Because at this time, from Zhu Dongling's sad expression on Zhu Luo's face, she must love her letter very much, and she must have come together with that rich man's old letter because of her love for him. Marrying someone with an annual income of 500 million may also be one of her conditions, but if she doesn't love that man, even if that man has tens of millions or even hundreds of millions of money, then she will not marry him .

So, I also looked at her blankly at this time, not knowing what to say.
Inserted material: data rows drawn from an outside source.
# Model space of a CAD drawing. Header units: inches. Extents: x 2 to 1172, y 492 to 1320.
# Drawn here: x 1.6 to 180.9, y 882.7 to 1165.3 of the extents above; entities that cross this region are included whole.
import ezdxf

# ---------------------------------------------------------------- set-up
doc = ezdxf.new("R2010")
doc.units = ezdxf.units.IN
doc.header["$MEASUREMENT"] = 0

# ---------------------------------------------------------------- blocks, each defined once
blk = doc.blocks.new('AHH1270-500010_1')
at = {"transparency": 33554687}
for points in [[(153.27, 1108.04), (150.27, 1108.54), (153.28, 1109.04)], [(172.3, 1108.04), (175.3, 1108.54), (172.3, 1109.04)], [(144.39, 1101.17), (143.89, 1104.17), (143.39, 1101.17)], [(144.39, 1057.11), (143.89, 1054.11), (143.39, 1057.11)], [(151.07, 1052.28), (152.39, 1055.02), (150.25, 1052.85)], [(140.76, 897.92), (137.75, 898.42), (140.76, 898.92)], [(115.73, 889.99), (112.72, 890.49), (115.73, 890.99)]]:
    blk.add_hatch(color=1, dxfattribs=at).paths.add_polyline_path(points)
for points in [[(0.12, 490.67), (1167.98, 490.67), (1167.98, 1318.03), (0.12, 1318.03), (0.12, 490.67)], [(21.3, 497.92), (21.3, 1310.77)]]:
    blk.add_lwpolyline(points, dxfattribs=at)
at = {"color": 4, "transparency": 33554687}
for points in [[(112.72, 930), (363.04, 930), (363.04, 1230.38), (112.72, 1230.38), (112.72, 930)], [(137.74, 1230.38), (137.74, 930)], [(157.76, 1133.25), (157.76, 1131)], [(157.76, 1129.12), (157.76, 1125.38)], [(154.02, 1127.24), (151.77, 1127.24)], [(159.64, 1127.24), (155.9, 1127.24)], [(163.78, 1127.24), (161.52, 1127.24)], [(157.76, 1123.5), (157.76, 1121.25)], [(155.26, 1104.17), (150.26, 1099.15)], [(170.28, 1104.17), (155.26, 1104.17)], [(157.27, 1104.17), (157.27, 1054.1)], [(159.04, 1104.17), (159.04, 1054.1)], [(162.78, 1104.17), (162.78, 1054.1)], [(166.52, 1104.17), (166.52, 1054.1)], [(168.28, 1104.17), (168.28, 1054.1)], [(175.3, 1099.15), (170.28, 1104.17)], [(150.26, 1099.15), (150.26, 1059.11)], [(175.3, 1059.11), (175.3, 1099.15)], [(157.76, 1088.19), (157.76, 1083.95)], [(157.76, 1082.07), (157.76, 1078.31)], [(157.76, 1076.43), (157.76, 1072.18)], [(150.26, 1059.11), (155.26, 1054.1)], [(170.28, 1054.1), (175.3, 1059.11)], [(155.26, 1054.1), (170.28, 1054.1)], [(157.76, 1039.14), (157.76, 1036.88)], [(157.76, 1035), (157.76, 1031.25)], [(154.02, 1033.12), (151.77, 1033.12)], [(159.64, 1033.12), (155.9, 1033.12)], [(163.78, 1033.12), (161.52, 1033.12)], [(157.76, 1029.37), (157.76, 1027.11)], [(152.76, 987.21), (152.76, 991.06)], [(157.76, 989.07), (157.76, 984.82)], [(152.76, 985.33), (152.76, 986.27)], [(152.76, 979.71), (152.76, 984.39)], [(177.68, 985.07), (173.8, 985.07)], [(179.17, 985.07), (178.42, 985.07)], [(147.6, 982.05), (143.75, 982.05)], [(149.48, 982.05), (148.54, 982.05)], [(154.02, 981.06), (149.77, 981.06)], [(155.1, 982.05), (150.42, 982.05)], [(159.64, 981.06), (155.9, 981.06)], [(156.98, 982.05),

At this time, Zhu Dongling still said softly to himself: "You know, when he was on the flight I was serving, we didn't say it was love at first sight, it was mutual love. Actually, I didn't know him at the beginning. He is a rich man, and I don’t know that he is the heir of the family business, but I love him very much. I also fell in love with him at first sight. At that time, I thought he was mature, stable, and generous. At that time I think he is a man worthy of entrusting me for the rest of my life, really, I married him not because I valued him being rich at the time, and I didn't know he was rich at the time."

Hearing Zhu Dongling say this, I can also hear that Zhu Dongling once said that if she wanted to marry, she would marry someone with an annual income of 500 million. That was just a legend. Maybe when she really met that reputation, they were really affectionate , The relationship between them is really not the kind of relationship between money and sex.

So at this time, my dirty thoughts about Zhu Dongling have all disappeared at this time, because ever since I knew that Zhu Dongling once said that if she wants to marry, she can marry with an annual income of 500 million, and I have always looked down on her. Yes, I always think she is a snobbish person, she is a vulgar person, I even think she is a snobbish woman who only has money in her eyes.

However, looking at it today, when I heard her saying such things in such a serious, calm, and serious manner, I really felt that Zhu Dongling was by no means the person I imagined. She is by no means the girl I think, maybe in her inner world, she really needs a man who can love her well every day to love her well.

Maybe every woman is the same, whether they are beautiful or ugly, in their inner world, they all want to have a man who can love them well or be loved by them to spoil them every day, Because this is far more real than those so-called money and fame, because money has no body temperature, money will not stay with you for a lifetime, and money can't talk.